WHAT YOU HAVE TO DO: Reproduce, from the lines below, exactly the stretch that begins at the line containing "#9=PRODUCT_DEFINITION_SHAPE('','',#8);" and ends at the line containing "#59=DIRECTION('',(0.,0.,1.));", both included.

Dataset records
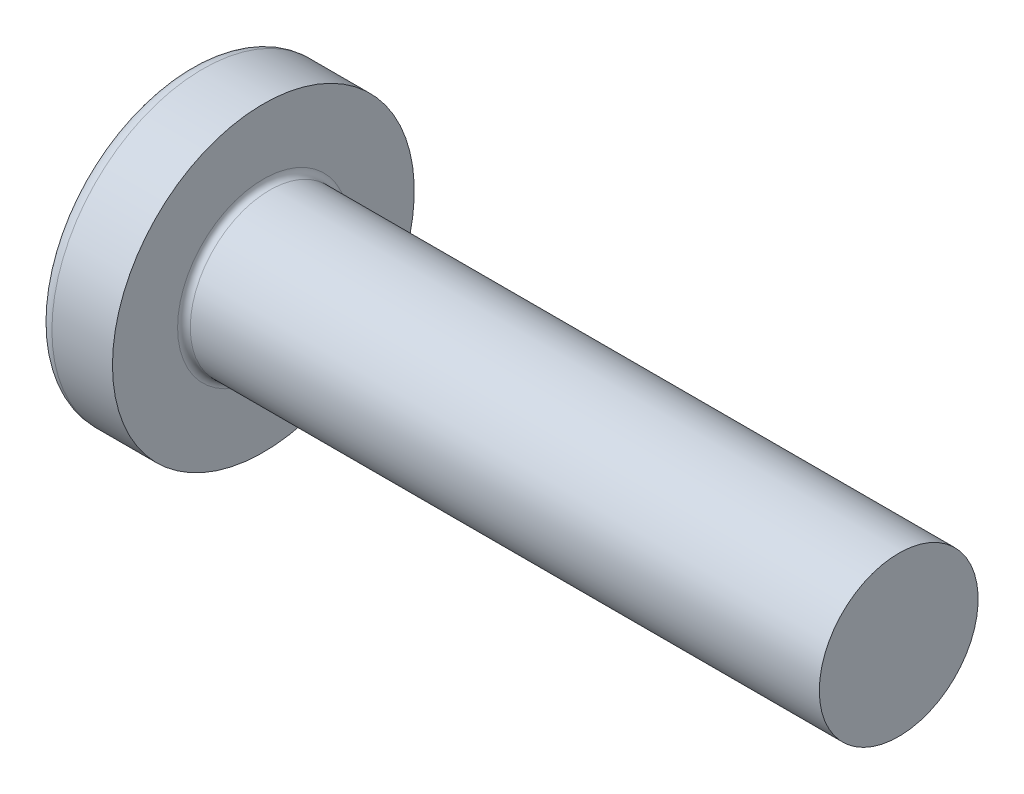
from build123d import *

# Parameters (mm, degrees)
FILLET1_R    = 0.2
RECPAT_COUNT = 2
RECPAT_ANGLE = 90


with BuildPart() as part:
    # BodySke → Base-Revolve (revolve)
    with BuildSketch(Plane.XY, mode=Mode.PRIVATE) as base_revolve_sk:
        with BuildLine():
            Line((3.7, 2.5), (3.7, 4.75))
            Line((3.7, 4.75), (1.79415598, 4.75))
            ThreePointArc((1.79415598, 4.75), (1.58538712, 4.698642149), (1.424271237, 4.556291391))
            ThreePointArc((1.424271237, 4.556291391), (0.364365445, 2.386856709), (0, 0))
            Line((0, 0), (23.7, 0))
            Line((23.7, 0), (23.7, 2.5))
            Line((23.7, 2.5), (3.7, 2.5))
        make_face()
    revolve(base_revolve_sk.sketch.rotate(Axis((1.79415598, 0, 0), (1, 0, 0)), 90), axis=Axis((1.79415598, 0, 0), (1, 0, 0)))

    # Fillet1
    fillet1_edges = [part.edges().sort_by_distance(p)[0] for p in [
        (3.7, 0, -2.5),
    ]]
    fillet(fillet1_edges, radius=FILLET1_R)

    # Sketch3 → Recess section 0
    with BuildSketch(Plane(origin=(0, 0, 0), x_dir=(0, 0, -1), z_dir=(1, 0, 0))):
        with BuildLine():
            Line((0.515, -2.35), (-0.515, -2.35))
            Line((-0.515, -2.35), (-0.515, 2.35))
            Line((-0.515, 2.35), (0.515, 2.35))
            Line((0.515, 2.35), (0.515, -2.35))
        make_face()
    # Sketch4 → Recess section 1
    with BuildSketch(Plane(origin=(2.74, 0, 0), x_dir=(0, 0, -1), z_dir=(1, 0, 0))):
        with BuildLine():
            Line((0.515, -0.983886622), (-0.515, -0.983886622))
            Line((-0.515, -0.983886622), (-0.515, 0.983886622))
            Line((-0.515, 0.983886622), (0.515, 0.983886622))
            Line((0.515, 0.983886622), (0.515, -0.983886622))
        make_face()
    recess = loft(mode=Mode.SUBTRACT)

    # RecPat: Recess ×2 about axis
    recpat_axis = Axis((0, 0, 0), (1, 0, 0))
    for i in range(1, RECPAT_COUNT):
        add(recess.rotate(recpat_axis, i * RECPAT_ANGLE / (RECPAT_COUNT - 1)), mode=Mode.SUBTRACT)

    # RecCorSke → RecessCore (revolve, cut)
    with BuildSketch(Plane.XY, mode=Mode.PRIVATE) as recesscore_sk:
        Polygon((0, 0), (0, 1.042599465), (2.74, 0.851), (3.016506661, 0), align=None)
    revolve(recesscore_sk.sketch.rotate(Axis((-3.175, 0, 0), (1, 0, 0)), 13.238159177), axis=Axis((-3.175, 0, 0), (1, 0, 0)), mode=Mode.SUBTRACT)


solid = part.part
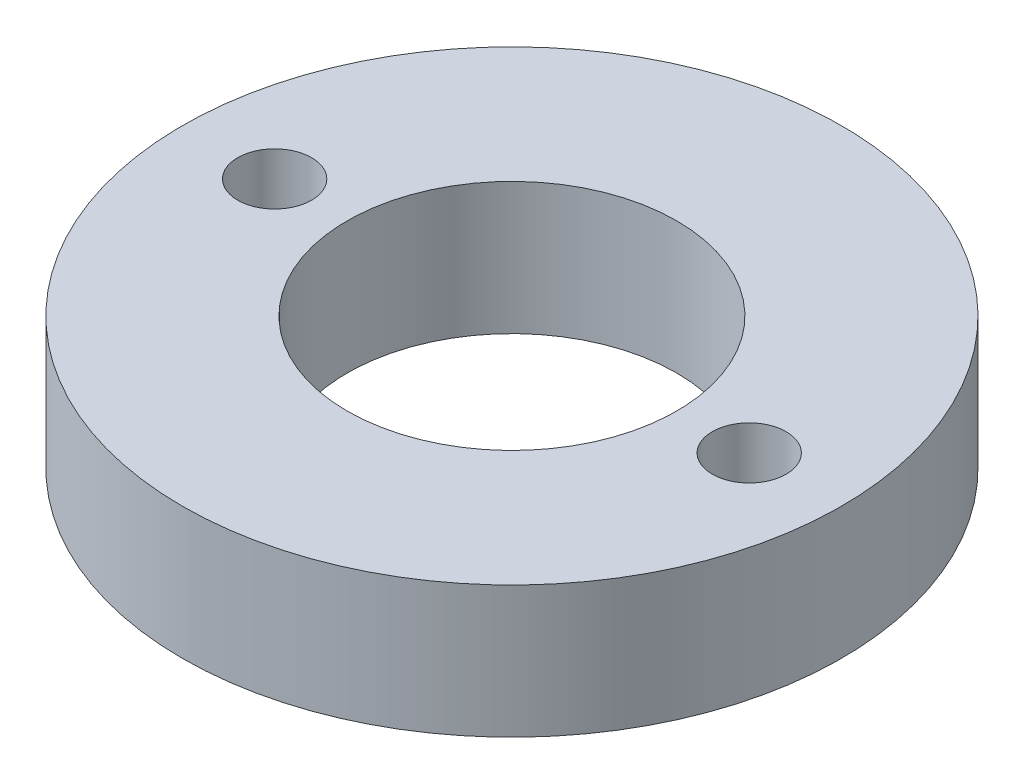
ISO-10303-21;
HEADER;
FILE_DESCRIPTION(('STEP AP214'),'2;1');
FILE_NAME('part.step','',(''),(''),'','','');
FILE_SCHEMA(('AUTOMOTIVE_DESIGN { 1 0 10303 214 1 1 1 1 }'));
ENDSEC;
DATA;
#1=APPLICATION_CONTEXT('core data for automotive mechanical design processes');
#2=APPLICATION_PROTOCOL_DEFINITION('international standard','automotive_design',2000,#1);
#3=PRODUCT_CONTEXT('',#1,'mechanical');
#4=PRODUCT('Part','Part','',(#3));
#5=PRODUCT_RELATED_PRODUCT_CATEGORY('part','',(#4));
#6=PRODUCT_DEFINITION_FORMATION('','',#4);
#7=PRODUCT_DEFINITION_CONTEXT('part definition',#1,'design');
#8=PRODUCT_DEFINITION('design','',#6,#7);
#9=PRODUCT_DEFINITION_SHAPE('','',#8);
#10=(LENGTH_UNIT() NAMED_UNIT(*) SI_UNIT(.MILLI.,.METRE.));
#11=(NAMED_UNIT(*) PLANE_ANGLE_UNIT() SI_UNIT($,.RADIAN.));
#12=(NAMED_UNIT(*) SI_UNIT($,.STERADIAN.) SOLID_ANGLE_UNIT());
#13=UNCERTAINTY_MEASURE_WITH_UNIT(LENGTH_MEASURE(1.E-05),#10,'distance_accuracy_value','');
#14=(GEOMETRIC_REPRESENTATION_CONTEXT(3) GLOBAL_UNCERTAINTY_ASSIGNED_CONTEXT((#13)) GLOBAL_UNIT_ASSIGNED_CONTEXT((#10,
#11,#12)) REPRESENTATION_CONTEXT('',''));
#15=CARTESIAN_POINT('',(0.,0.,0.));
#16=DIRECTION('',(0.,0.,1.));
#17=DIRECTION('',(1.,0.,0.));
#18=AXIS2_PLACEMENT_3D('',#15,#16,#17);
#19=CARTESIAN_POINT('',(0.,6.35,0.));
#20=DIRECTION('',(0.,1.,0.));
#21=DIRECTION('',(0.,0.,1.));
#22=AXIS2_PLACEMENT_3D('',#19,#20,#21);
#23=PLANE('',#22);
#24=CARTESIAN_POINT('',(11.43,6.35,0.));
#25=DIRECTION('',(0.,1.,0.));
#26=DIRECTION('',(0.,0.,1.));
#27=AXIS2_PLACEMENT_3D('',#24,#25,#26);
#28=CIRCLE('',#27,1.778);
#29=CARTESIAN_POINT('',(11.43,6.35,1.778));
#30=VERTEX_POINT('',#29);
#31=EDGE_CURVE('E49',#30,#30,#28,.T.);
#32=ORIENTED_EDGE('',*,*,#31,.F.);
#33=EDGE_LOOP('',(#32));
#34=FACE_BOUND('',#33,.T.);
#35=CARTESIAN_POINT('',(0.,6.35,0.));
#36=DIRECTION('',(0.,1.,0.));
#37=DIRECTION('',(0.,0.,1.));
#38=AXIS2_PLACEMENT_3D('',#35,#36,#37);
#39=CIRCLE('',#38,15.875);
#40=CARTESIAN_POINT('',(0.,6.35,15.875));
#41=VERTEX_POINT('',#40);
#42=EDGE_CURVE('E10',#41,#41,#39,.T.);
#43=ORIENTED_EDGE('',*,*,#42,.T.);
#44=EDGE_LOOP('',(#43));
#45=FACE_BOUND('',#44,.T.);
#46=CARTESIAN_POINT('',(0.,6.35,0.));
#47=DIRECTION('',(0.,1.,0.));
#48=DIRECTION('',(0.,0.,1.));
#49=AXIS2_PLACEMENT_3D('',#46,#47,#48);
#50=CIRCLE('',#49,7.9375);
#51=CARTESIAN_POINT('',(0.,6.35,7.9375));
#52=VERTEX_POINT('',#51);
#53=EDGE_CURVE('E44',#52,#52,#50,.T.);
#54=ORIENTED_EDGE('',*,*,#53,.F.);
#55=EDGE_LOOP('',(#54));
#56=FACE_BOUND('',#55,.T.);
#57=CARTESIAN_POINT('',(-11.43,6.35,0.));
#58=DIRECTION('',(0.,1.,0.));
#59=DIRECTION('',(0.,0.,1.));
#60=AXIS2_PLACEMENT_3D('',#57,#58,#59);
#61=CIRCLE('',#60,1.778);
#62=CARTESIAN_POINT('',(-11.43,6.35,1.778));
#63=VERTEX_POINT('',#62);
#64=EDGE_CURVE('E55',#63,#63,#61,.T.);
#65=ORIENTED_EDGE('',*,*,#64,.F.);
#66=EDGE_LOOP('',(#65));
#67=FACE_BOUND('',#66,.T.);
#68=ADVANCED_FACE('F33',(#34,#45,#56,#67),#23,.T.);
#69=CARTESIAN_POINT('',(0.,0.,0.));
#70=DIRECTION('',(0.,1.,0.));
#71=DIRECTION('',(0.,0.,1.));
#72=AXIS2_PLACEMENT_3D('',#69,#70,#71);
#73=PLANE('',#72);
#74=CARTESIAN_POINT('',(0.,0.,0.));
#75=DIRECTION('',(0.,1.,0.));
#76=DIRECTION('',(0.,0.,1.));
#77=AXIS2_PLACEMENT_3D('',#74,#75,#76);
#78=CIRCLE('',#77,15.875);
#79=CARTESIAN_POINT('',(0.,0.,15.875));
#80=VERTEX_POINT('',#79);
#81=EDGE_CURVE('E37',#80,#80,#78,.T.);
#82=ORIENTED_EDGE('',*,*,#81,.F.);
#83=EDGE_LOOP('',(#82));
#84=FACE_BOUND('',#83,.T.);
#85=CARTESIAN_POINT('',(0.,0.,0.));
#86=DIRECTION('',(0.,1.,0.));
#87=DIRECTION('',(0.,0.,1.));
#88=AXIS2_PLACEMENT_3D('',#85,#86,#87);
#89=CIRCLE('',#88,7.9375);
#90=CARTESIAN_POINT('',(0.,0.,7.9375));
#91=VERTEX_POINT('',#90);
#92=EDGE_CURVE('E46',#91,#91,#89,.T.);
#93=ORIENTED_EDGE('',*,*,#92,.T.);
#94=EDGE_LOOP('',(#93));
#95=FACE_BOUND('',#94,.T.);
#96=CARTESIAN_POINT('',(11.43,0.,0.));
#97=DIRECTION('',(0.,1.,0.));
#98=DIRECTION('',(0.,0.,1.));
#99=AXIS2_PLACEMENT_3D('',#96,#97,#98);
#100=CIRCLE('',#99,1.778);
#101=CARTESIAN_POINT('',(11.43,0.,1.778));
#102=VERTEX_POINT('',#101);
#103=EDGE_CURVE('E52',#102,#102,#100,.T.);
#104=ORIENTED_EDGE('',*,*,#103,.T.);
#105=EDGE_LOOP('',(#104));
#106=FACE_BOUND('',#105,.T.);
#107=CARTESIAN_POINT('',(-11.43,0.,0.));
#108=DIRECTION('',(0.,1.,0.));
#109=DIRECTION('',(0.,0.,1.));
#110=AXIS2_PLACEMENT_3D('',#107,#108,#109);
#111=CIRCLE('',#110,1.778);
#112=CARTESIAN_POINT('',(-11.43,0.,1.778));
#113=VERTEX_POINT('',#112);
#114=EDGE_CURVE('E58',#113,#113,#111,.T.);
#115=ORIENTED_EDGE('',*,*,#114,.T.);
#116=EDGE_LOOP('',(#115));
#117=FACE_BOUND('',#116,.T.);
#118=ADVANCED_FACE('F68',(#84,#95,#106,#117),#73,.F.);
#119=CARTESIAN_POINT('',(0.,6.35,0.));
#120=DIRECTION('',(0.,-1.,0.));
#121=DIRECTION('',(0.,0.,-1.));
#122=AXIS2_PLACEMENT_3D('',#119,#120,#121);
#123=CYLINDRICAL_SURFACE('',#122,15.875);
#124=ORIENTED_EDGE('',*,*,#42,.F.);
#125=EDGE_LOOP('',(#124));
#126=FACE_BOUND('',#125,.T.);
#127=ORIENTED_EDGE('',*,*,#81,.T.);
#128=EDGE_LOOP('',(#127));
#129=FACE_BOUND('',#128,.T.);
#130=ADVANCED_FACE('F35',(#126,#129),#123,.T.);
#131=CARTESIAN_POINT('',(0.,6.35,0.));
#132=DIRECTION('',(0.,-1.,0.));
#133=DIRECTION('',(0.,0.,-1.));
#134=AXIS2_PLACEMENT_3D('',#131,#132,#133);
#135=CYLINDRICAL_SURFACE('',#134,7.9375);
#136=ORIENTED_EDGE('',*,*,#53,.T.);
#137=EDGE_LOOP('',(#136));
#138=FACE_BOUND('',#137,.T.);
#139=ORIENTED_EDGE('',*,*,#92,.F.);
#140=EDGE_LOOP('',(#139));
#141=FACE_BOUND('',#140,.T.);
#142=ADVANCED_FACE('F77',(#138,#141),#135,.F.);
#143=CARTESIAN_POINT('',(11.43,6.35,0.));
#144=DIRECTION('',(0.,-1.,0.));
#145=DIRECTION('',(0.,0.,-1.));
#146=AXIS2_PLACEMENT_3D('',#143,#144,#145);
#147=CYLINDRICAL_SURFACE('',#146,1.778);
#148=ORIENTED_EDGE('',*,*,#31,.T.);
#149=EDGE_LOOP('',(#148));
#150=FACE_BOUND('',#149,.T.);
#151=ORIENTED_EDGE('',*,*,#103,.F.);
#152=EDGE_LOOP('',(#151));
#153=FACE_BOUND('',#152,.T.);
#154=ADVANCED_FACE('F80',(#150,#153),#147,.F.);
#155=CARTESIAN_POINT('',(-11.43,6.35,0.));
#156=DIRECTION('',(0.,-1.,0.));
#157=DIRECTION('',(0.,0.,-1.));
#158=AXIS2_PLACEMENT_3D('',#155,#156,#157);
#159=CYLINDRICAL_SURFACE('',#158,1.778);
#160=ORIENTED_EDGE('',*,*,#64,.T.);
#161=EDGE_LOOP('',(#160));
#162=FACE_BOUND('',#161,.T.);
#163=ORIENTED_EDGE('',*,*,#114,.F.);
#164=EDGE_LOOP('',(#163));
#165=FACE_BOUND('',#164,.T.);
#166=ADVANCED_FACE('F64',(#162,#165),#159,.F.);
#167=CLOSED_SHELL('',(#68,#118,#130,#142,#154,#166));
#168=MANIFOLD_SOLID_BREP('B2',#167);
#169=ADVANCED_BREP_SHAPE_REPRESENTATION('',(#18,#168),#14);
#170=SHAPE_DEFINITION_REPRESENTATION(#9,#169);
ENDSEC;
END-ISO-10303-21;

EXERCISE OUTPUT:
#9=PRODUCT_DEFINITION_SHAPE('','',#8);
#10=(LENGTH_UNIT() NAMED_UNIT(*) SI_UNIT(.MILLI.,.METRE.));
#11=(NAMED_UNIT(*) PLANE_ANGLE_UNIT() SI_UNIT($,.RADIAN.));
#12=(NAMED_UNIT(*) SI_UNIT($,.STERADIAN.) SOLID_ANGLE_UNIT());
#13=UNCERTAINTY_MEASURE_WITH_UNIT(LENGTH_MEASURE(1.E-05),#10,'distance_accuracy_value','');
#14=(GEOMETRIC_REPRESENTATION_CONTEXT(3) GLOBAL_UNCERTAINTY_ASSIGNED_CONTEXT((#13)) GLOBAL_UNIT_ASSIGNED_CONTEXT((#10,
#11,#12)) REPRESENTATION_CONTEXT('',''));
#15=CARTESIAN_POINT('',(0.,0.,0.));
#16=DIRECTION('',(0.,0.,1.));
#17=DIRECTION('',(1.,0.,0.));
#18=AXIS2_PLACEMENT_3D('',#15,#16,#17);
#19=CARTESIAN_POINT('',(0.,6.35,0.));
#20=DIRECTION('',(0.,1.,0.));
#21=DIRECTION('',(0.,0.,1.));
#22=AXIS2_PLACEMENT_3D('',#19,#20,#21);
#23=PLANE('',#22);
#24=CARTESIAN_POINT('',(11.43,6.35,0.));
#25=DIRECTION('',(0.,1.,0.));
#26=DIRECTION('',(0.,0.,1.));
#27=AXIS2_PLACEMENT_3D('',#24,#25,#26);
#28=CIRCLE('',#27,1.778);
#29=CARTESIAN_POINT('',(11.43,6.35,1.778));
#30=VERTEX_POINT('',#29);
#31=EDGE_CURVE('E49',#30,#30,#28,.T.);
#32=ORIENTED_EDGE('',*,*,#31,.F.);
#33=EDGE_LOOP('',(#32));
#34=FACE_BOUND('',#33,.T.);
#35=CARTESIAN_POINT('',(0.,6.35,0.));
#36=DIRECTION('',(0.,1.,0.));
#37=DIRECTION('',(0.,0.,1.));
#38=AXIS2_PLACEMENT_3D('',#35,#36,#37);
#39=CIRCLE('',#38,15.875);
#40=CARTESIAN_POINT('',(0.,6.35,15.875));
#41=VERTEX_POINT('',#40);
#42=EDGE_CURVE('E10',#41,#41,#39,.T.);
#43=ORIENTED_EDGE('',*,*,#42,.T.);
#44=EDGE_LOOP('',(#43));
#45=FACE_BOUND('',#44,.T.);
#46=CARTESIAN_POINT('',(0.,6.35,0.));
#47=DIRECTION('',(0.,1.,0.));
#48=DIRECTION('',(0.,0.,1.));
#49=AXIS2_PLACEMENT_3D('',#46,#47,#48);
#50=CIRCLE('',#49,7.9375);
#51=CARTESIAN_POINT('',(0.,6.35,7.9375));
#52=VERTEX_POINT('',#51);
#53=EDGE_CURVE('E44',#52,#52,#50,.T.);
#54=ORIENTED_EDGE('',*,*,#53,.F.);
#55=EDGE_LOOP('',(#54));
#56=FACE_BOUND('',#55,.T.);
#57=CARTESIAN_POINT('',(-11.43,6.35,0.));
#58=DIRECTION('',(0.,1.,0.));
#59=DIRECTION('',(0.,0.,1.));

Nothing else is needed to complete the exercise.